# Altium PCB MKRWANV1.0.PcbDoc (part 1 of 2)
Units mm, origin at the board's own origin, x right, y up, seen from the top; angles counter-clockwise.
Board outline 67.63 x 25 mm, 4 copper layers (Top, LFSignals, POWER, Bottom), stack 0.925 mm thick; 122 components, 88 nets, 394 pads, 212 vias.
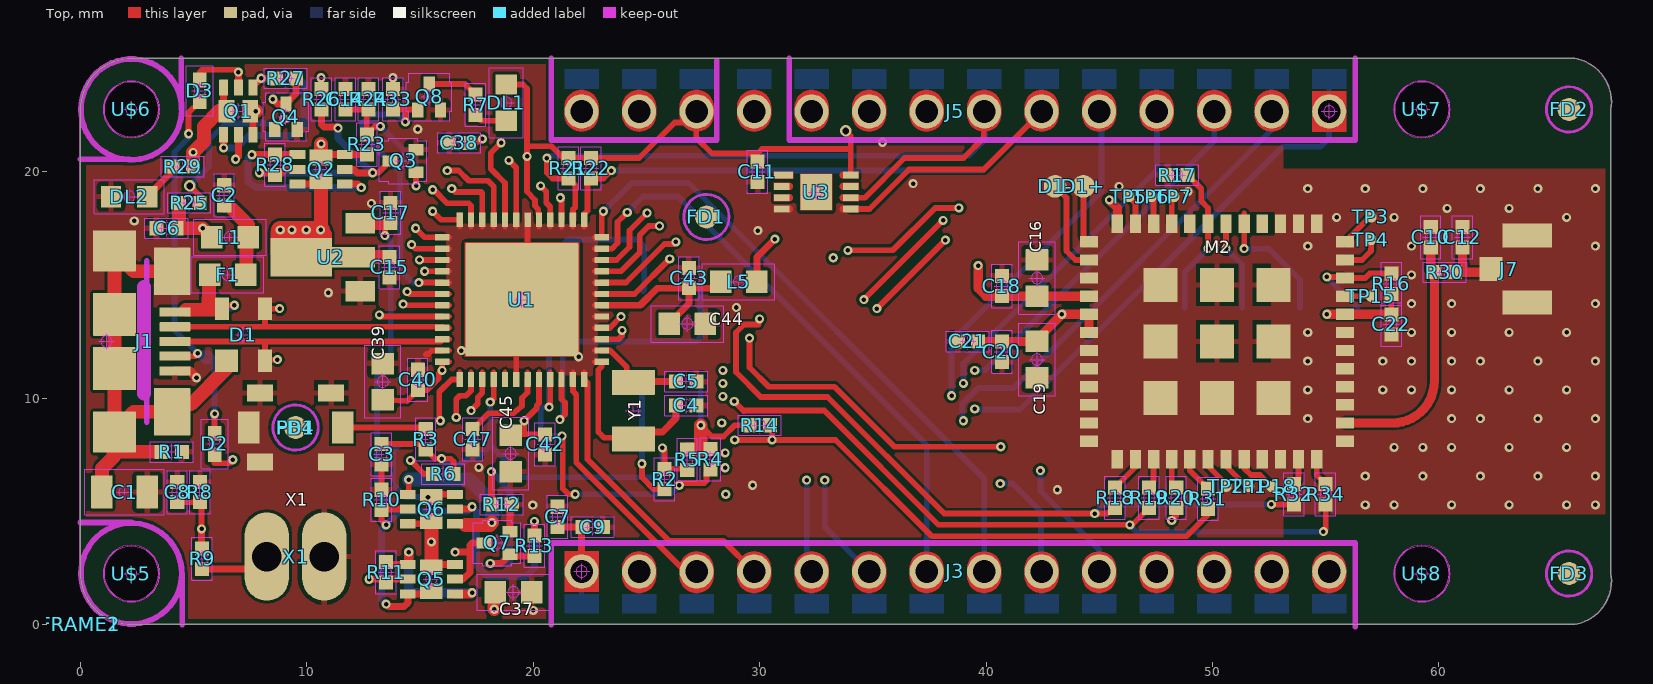
[diagram p0: Top view]
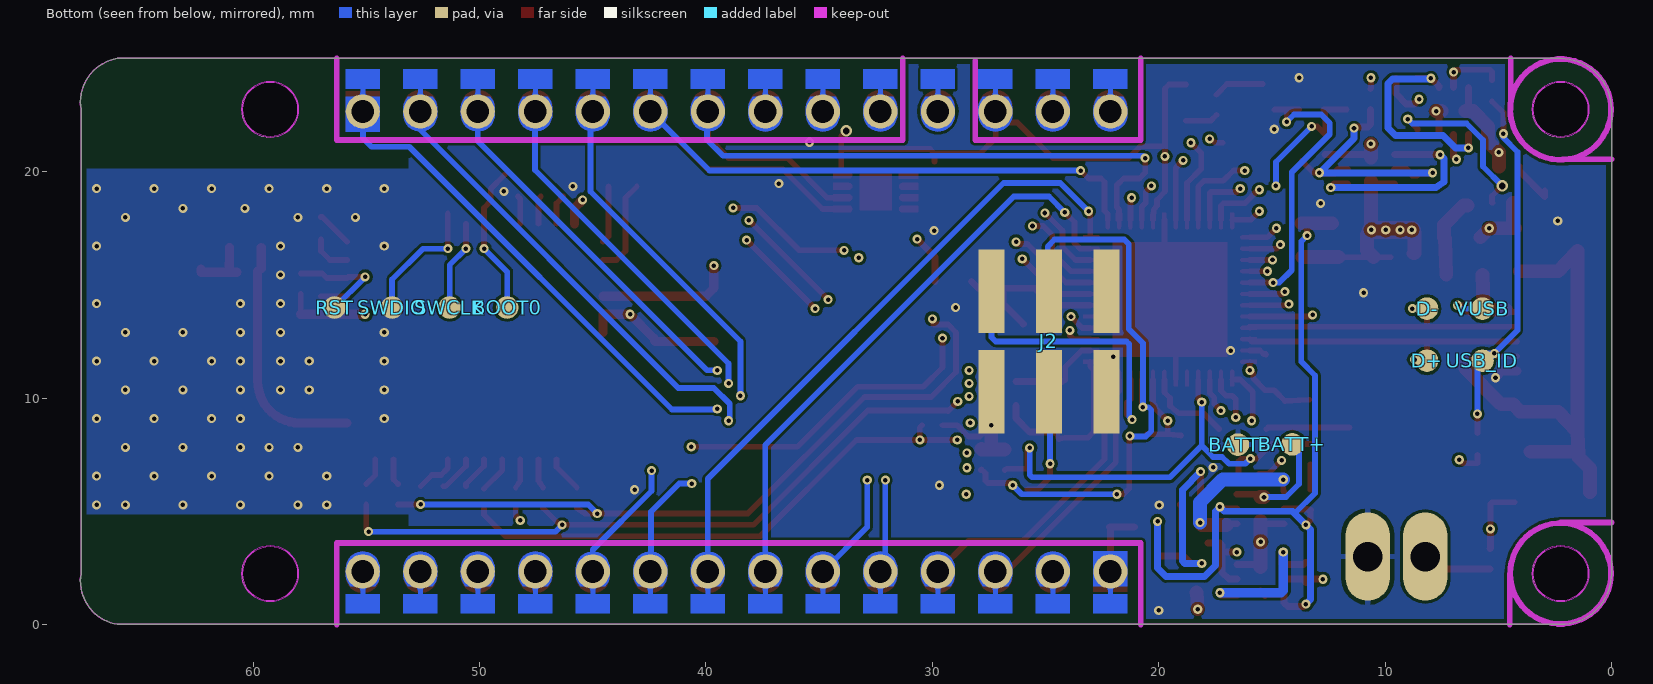
[diagram p1: Bottom view, seen from below]
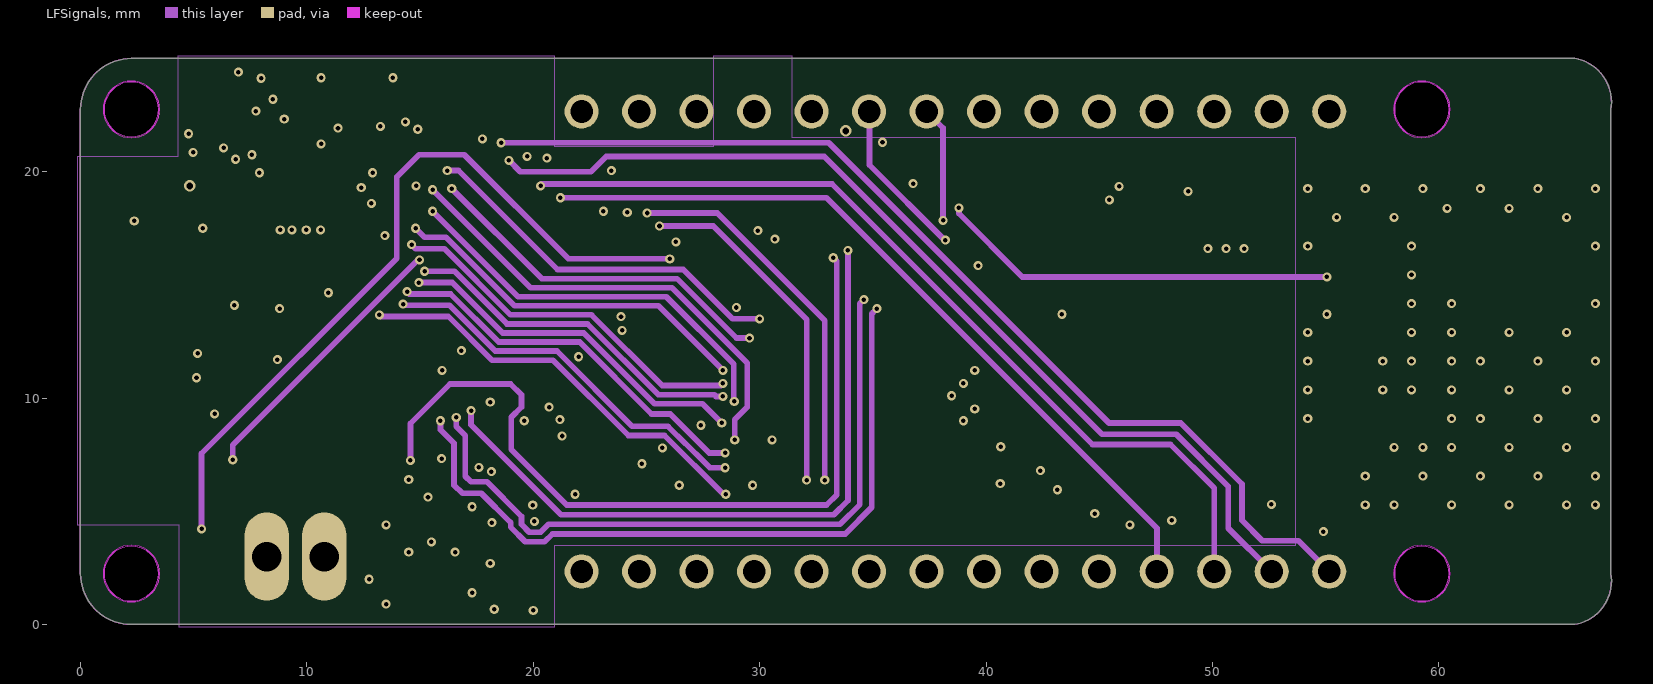
[diagram p2: LFSignals]
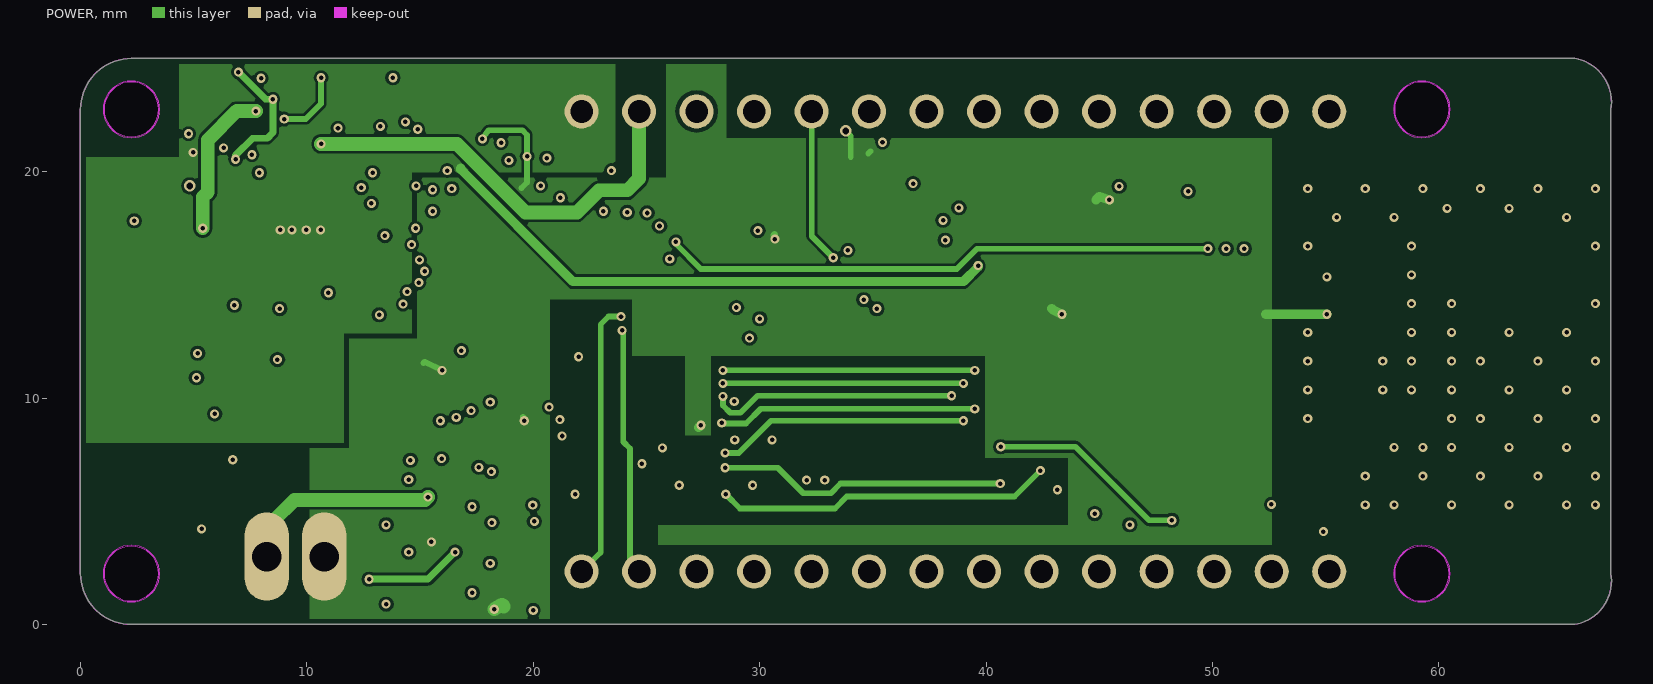
[diagram p3: POWER]

## Layer stack, top to bottom
Top Solder: solder mask 0.0102, Solder Resist, Dk 3.5
Top: signal copper 0.035
Dielectric 1: core 0.2, FR-4, Dk 4.8
LFSignals: signal copper 0.0175
Dielectric3: core 0.3, FR-4, Dk 4.8
POWER: signal copper 0.0175
Dielectric2: dielectric 0.32, FR-4, Dk 4.8
Bottom: signal copper 0.035
Bottom Solder: solder mask 0.0102, Solder Resist, Dk 3.5

## Board outline
66,25 2.25,25 ccw(c2.25,22.75) 0,22.75 0,2.25 ccw(c2.25,2.25) 2.25,0 66,0 ccw(c65.675,1.925) 67.6,2.25 67.6,22.75 ccw(c65.675,23.075)
cut-out: 2.25,21.5 ccw(c2.25,22.75) 3.5,22.75 ccw(c2.25,22.75) 2.25,24 ccw(c2.25,22.75) 1,22.75 ccw(c2.25,22.75)
cut-out: 2.25,1 ccw(c2.25,2.25) 3.5,2.25 ccw(c2.25,2.25) 2.25,3.5 ccw(c2.25,2.25) 1,2.25 ccw(c2.25,2.25)
cut-out: 59.25,1 ccw(c59.25,2.25) 60.5,2.25 ccw(c59.25,2.25) 59.25,3.5 ccw(c59.25,2.25) 58,2.25 ccw(c59.25,2.25)
cut-out: 59.25,21.5 ccw(c59.25,22.75) 60.5,22.75 ccw(c59.25,22.75) 59.25,24 ccw(c59.25,22.75) 58,22.75 ccw(c59.25,22.75)
cut-out: 2.25,21.544 ccw(c2.25,22.75) 3.456,22.75 ccw(c2.25,22.75) 2.25,23.957 ccw(c2.25,22.75) 1.043,22.75 ccw(c2.25,22.75)
cut-out: 2.25,1.043 ccw(c2.25,2.25) 3.456,2.25 ccw(c2.25,2.25) 2.25,3.456 ccw(c2.25,2.25) 1.043,2.25 ccw(c2.25,2.25)
cut-out: 59.25,1.043 ccw(c59.25,2.25) 60.457,2.25 ccw(c59.25,2.25) 59.25,3.456 ccw(c59.25,2.25) 58.044,2.25 ccw(c59.25,2.25)
cut-out: 59.25,21.544 ccw(c59.25,22.75) 60.457,22.75 ccw(c59.25,22.75) 59.25,23.957 ccw(c59.25,22.75) 58.044,22.75 ccw(c59.25,22.75)

## Design rules (kind name [scope] priority, off if disabled: settings)
BoardOutlineClearance mdCopperDimension [All] p1: gap=0.254 ignorepadtopadclearanceinfootprint=FALSE except(0: Arc-SplitContinuation Track-SplitContinuation SMDPad-SplitContinuation THPad-SplitContinuation Via-SplitContinuation Fill-SplitContinuation Poly-SplitContinuation Region-SplitContinuation Text-SplitContinuation)
Clearance Clearance_for_PolygonClass_Isolate_3.94 [InPolygonClass('Isolate_3.94') vs IsArc Or IsTrack Or IsPad Or IsVia Or IsFill Or IsRegion Or IsText] p1: gap=0.1 ignorepadtopadclearanceinfootprint=FALSE
Clearance "Clearance (Same Net)" [All] p2: gap=0.127 ignorepadtopadclearanceinfootprint=FALSE
Clearance [All] p3: gap=0.127 ignorepadtopadclearanceinfootprint=FALSE
HoleSize [All] p1: absolutevalues=TRUE maxlimit=2540 minlimit=0.195 maxpercent=80.000 minpercent=20.000
HoleToHoleClearance mdDrill [All] p1: gap=0.203 allowstackedmicrovias=TRUE
MinimumSolderMaskSliver [All] p1 off: minsoldermaskwidth=0.254
PasteMaskExpansion Expansion_SMDPaste_OFF [InPadClass('SMDPaste_OFF')] p1: expansion=0
PasteMaskExpansion mlMinCreamFrame [All] p2: expansion=0
PolygonConnect PolygonConnect_For_PolygonThermal_ON_Width100000_Gap70000 [InPolygonClass('PolygonThermal_ON_Width100000_Gap70000') vs Not IsVia] p1: connectstyle=Relief reliefconductorwidth=0.254 reliefentries=4 polygonreliefangle="90 Angle" airgapwidth=0.178
PolygonConnect PolygonConnect_For_PolygonThermal_ON_Width98400_Gap70000 [InPolygonClass('PolygonThermal_ON_Width98400_Gap70000') vs Not IsVia] p2: connectstyle=Relief reliefconductorwidth=0.25 reliefentries=4 polygonreliefangle="90 Angle" airgapwidth=0.178
PolygonConnect ThermalVias [IsVia] p3: connectstyle=Direct reliefconductorwidth=0.254 reliefentries=4 polygonreliefangle="90 Angle" airgapwidth=0.254
PolygonConnect [All] p4: connectstyle=Relief reliefconductorwidth=0.254 reliefentries=4 polygonreliefangle="90 Angle" airgapwidth=0.254
RoutingVias [All] p1: holewidth=0.195 width=0.398 viastyle="Through Hole" minholewidth=0.195 minwidth=0.398 maxholewidth=2.54 maxwidth=2.54
SolderMaskExpansion Expansion_SMDSolder_OFF [InPadClass('SMDSolder_OFF')] p1: expansion=0 istentingtop=FALSE
SolderMaskExpansion mlMinStopFrame [All] p2: expansion=0.102 istentingtop=FALSE
Width [All] p1: maxlimit=0.254 minlimit=0.203 preferedwidth=0.203
26 further rules are at their usual default settings.

## Classes and differential pairs
polygon class PolygonThermal_ON_Width100000_Gap70000: Polygon_1_Net_+3V3 Polygon_1_Net_+5V Polygon_1_Net_GND Polygon_4_Net_GND Polygon_5_Net_GND
polygon class PolygonThermal_ON_Width98400_Gap70000: Polygon_2_Net_GND Polygon_3_Net_GND
polygon class Isolate_3.94: Polygon_4_Net_GND
pad class SMDSolder_OFF: TP1-X TP2-X TP3-X TP4-X TP5-X TP6-X TP7-X TP15-X TP18-X U1-1 U1-2 U1-3 U1-4 U1-5 U1-6 U1-7 U1-8 U1-9 U1-10 U1-11 U1-12 U1-13 U1-14 U1-15 U1-16 U1-17 U1-18 U1-19 U1-20 U1-21 U1-22 U1-23 U1-24 U1-25 U1-26 U1-27 U1-28 U1-29 U1-30 U1-31 U1-32 U1-33 U1-34 U1-35 U1-36 U1-37 U1-38 U1-39 U1-40 U1-41 U1-42 U1-43 U1-44 U1-45 U1-46 U1-47 U1-48 U1-49 U3-1 U3-2 U3-3 U3-4 U3-5 U3-6 U3-7 U3-8 U3-9
pad class SMDPaste_OFF: BATT+-X BATT--X BOOT0-X D1+-X D1--X D+-X D--X FD1-P$1 FD2-P$1 FD3-P$1 FD4-P$1 RST-X SWCLK-X SWDIO-X TP1-X TP2-X TP3-X TP4-X TP5-X TP6-X TP7-X TP15-X TP18-X U1-1 U1-2 U1-3 U1-4 U1-5 U1-6 U1-7 U1-8 U1-9 U1-10 U1-11 U1-12 U1-13 U1-14 U1-15 U1-16 U1-17 U1-18 U1-19 U1-20 U1-21 U1-22 U1-23 U1-24 U1-25 U1-26 U1-27 U1-28 U1-29 U1-30 U1-31 U1-32 U1-33 U1-34 U1-35 U1-36 U1-37 U1-38 U1-39 U1-40 U1-41 U1-42 U1-43 U1-44 U1-45 U1-46 U1-47 U1-48 U1-49 U3-1 U3-2 U3-3 U3-4 U3-5 U3-6 U3-7 U3-8 U3-9 USB_ID-X VUSB-X

## Components (designator, comment, footprint, x,y, rotation, side; value= is the part's Value field where it differs from the comment)
BATT+ "" TP-1.00MM 14.1,7.955 r0 top
BATT- "" TP-1.00MM 16.505,7.945 r0 top
BOOT0 "" TP-1.00MM 48.78,14 r0 top
C1 "4n7" 0805-R2013X50N 1.95,5.85 r0 top
C2 "10n" 0402-1005X55N#1 6.35,18.95 r90 top
C3 "100n" 0402-1005X55N#1 13.3,7.525 r270 top
C4 "20p" 0402-1005X55N#1 26.759,9.673 r180 top
C5 "20p" 0402-1005X55N#1 26.759,10.734 r180 top
C6 "100n" 0402-1005X55N#1 3.8,17.5 r180 top
C7 "4u7" 0402-1005X55N#1 21.075,4.75 r90 top
C8 "100n" 0402-1005X55N#1 4.275,5.85 r90 top
C9 "100n" 0402-1005X55N#1 22.625,4.3 r0 top
C10 "DNP" 0402-1005X55N#1 59.64,17.1 r90 top
C11 "" 0402-1005X55N#1 29.9,20 r270 top
C12 "DNP" 0402-1005X55N#1 61.042,17.1 r90 top
C14 "100n" 0402-1005X55N#1 11.7,23.2 r90 top
C15 "1u" 0402-1005X55N#1 13.65,15.775 r270 top
C16 "" 0603-1608X90N 42.25,15.3 r90 top
C17 "1u" 0402-1005X55N#1 13.7,18.175 r90 top
C18 "" 0402-1005X55N#1 40.7,14.95 r90 top
C19 "" 0603-1608X90N 42.25,11.7 r270 top
C20 "" 0402-1005X55N#1 40.7,12.05 r270 top
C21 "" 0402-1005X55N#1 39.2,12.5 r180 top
· · · · ·
## Task requirements:
Wherever the string "seen" appears in the records above, copy the line it sits in.

## Answer to the problem:
Units mm, origin at the board's own origin, x right, y up, seen from the top; angles counter-clockwise.
[diagram p1: Bottom view, seen from below]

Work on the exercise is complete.